**ABOUT THIS EXERCISE**
Repeat only the lines below from the one containing "Material: Générique" through the one containing "0) x (-1, 0, 0)", inclusive, exactly as written.

**DATA EXTRACTS**
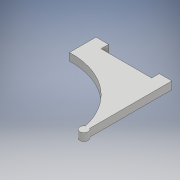
# Autodesk Inventor part: roue_libre
Saved by Autodesk Inventor 2017 (Build 210142000, 142)
## iProperties
Part Number: roue_libre
Material: Générique
Document SubType Name: Modeling
Designer: Thomas
Density: 1 g/cm^3
Appearance: Par défaut
Author: Thomas
Autodesk Inventor part; units mm, degrees
ref_plane "YZ Plane" through (0, 0, 0) normal (1, 0, 0) x (0, 1, 0)
ref_plane "XZ Plane" through (0, 0, 0) normal (0, 1, 0) x (-1, 0, 0)
ref_plane "XY Plane" through (0, 0, 0) normal (0, 0, 1) x (1, 0, 0)
sketch "Esquisse1" plane through (0, 0, 0) normal (0, 0, 1) x (1, 0, 0)
  line L0 (60, 0) -> (60, -65)
  line L1 (0, 0) -> (0, -6)
  arc A0 (56.6718, -65) -> (60, -65) centre (58.3359, -67.8823) ccw
  line L2 (0, 0) -> (10, 0)
  line L3 (10, 0) -> (10, -6)
  line L4 (10, -6) -> (50, -6)
  line L5 (50, -6) -> (50, 0)
  line L6 (0, 0) -> (10, 0)
  line L7 (50, 0) -> (60, 0)
  line L8 (0, -6) -> (0, -21)
  arc A1 (56.6718, -65) -> (0, -21) centre (1.6431, -77.3802) ccw
  dimension "d0" = 60
  dimension "d1" = 65
  dimension "d2" = 6
  dimension "d5" = 10
  dimension "d6" = 10
  dimension "d8" = 15
  constraints: 18 end point, 4 perpendicular, 4 point on circle, 3 vertical, 2 centre point, 2 horizontal
  measures "d0" distance of L1.start L0.start
  measures "d1" distance of L0.start L0.end
  measures "d2" distance of L1.start L1.end
  measures "d5" distance of L1.start L2.end
  measures "d6" distance between parallel lines of L0 L5
  measures "d8" distance of L1.end L8.end
extrude "Extrusion1" add sketch "Esquisse1" along normal blind 6
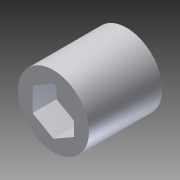
# Autodesk Inventor part: ServoToScrewKey
Saved by Autodesk Inventor 2012 (Build 160160000, 160)
## iProperties
Created: 2011-09-20
Part Number: ServoToScrewKey
Material: ABS Plastic
Document SubType Name: Modeling
Designer: KuttaA
Density: 1.06 g/cm^3
Mass: 4.22212 g
Surface Area: 27.1091 cm^2
Volume: 3.98313 cm^3
Author: KuttaA
Autodesk Inventor part; units mm, degrees
sketch "Sketch2" plane through (0, 0, 0) normal (0, 0, 1) x (1, 0, 0)
  circle A0 centre (0, 0) radius 10.3923
  line L0 (-4.0415, -7) -> (4.0415, -7) projected
  line L1 (4.0415, -7) -> (8.0829, 0) projected
  line L2 (8.0829, 0) -> (4.0415, 7) projected
  line L3 (4.0415, 7) -> (-4.0415, 7) projected
  line L4 (-4.0415, 7) -> (-8.0829, 0) projected
  line L5 (-8.0829, 0) -> (-4.0415, -7) projected
  line L6 (4.0415, 7) -> (5.1962, 9) construction
  line L7 (-8.3716, 0) -> (-4.1858, -7.25)
  line L8 (-4.1858, -7.25) -> (4.1858, -7.25)
  line L9 (4.1858, -7.25) -> (8.3716, 0)
  line L10 (8.3716, 0) -> (4.1858, 7.25)
  line L11 (4.1858, 7.25) -> (-4.1858, 7.25)
  line L12 (-4.1858, 7.25) -> (-8.3716, 0)
  dimension "d9" = 2
  dimension "d10" = 0.25
  dimension "d11" = 0.25
  dimension "d12" = 0.25
  dimension "d13" = 0.25
  dimension "d14" = 0.25
  dimension "d15" = 0.25
  constraints: 14 end point, 7 parallel, 1 coincident, 3 other
  measures "d9" vertical distance of L2.end L6.end
  measures "d10" distance between parallel lines of L4 L12
  measures "d11" distance between parallel lines of L11 L3
  measures "d12" distance between parallel lines of L10 L2
  measures "d13" distance between parallel lines of L9 L1
  measures "d14" distance between parallel lines of L8 L0
  measures "d15" distance between parallel lines of L7 L5
ref_plane "Work Plane1" through (-12.7, 0, -12.7) normal (0, 0, 1) x (1, 0, 0)
ref_plane "Work Plane2" through (-11.7, 1, -12.7) normal (0, 0, 1) x (1, 0, 0)
ref_plane "Work Plane3" through (-8.125, -8.125, -9.7) normal (0, 0, 1) x (1, 0, 0)
extrude "Extrusion3" add sketch "Sketch2" against normal up to surface (9.7 mm away) contours A0
sketch "Sketch4" plane through (0, 0, 0) normal (0, 0, 1) x (1, 0, 0)
  circle A0 centre (0, 0) radius 10.3923 projected
extrude "Extrusion4" add sketch "Sketch4" along normal blind 12
sketch "Sketch5" plane through (0, 0, -9.7) normal (0, 0, -1) x (-1, 0, 0)
  circle A0 centre (0, 0) radius 10.3923 projected
  point P0 (0, 0)
extrude "Extrusion5" cut sketch "Sketch5" against normal blind 0.3
sketch "Sketch6" plane through (0, 0, 12) normal (0, 0, 1) x (1, 0, 0)
  line L0 (-6.05, 3.493) -> (0, 6.9859)
  line L1 (0, 6.9859) -> (6.05, 3.493)
  line L2 (6.05, 3.493) -> (6.05, -3.493)
  line L3 (6.05, -3.493) -> (0, -6.9859)
  line L4 (0, -6.9859) -> (-6.05, -3.493)
  line L5 (-6.05, -3.493) -> (-6.05, 3.493)
  line L6 (-14.5492, 0) -> (14.5492, 0) projected
  line L7 (0, -6.9859) -> (0, 6.9859) construction
  line L8 (6.05, -3.493) -> (-6.05, 3.493) construction
  line L9 (0, -14.5492) -> (0, 14.5492) projected
  point P0 (0, 0)
  point P1 (14.5492, 0)
  point P2 (0, 0)
  dimension "d32" = 0
  dimension "d35" = 12.1
  constraints: 16 end point, 4 equal length, 4 parallel, 1 coincident, 1 midpoint, 1 other
  measures "d32" distance between parallel lines of L9 L7
  measures "d35" distance between parallel lines of L2 L5
extrude "Extrusion6" cut sketch "Sketch6" against normal blind 7
sketch "Sketch7" plane through (0, 0, 5) normal (0, 0, 1) x (1, 0, 0)
  circle A0 centre (0, 0) radius 2.15
  point P0 (0, 0)
  dimension "d21" = 4.3
  constraints: 1 centre point, 1 coincident
  measures "d21" diameter of A0
extrude "Extrusion7" cut sketch "Sketch7" against normal through all
sketch "Sketch10" plane through (0, 0, 0) normal (0, 0, -1) x (-1, 0, 0)
  circle A0 centre (0, 0) radius 10.3923 projected
  circle A1 centre (0, 0) radius 4.5
  dimension "d25" = 9
  constraints: 1 centre point, 1 coincident
  measures "d25" diameter of A1
extrude "Extrusion8" cut sketch "Sketch10" against normal blind 1 contours A1
equation "\"d11\" = d10"
equation "\"d12\" = d11"
equation "\"d13\" = d12"
equation "\"d14\" = d13"
equation "\"d15\" = d14"
body "Solid2"

**EXERCISE RESPONSE**
Material: Générique
Document SubType Name: Modeling
Designer: Thomas
Density: 1 g/cm^3
Appearance: Par défaut
Author: Thomas
Autodesk Inventor part; units mm, degrees
ref_plane "YZ Plane" through (0, 0, 0) normal (1, 0, 0) x (0, 1, 0)
ref_plane "XZ Plane" through (0, 0, 0) normal (0, 1, 0) x (-1, 0, 0)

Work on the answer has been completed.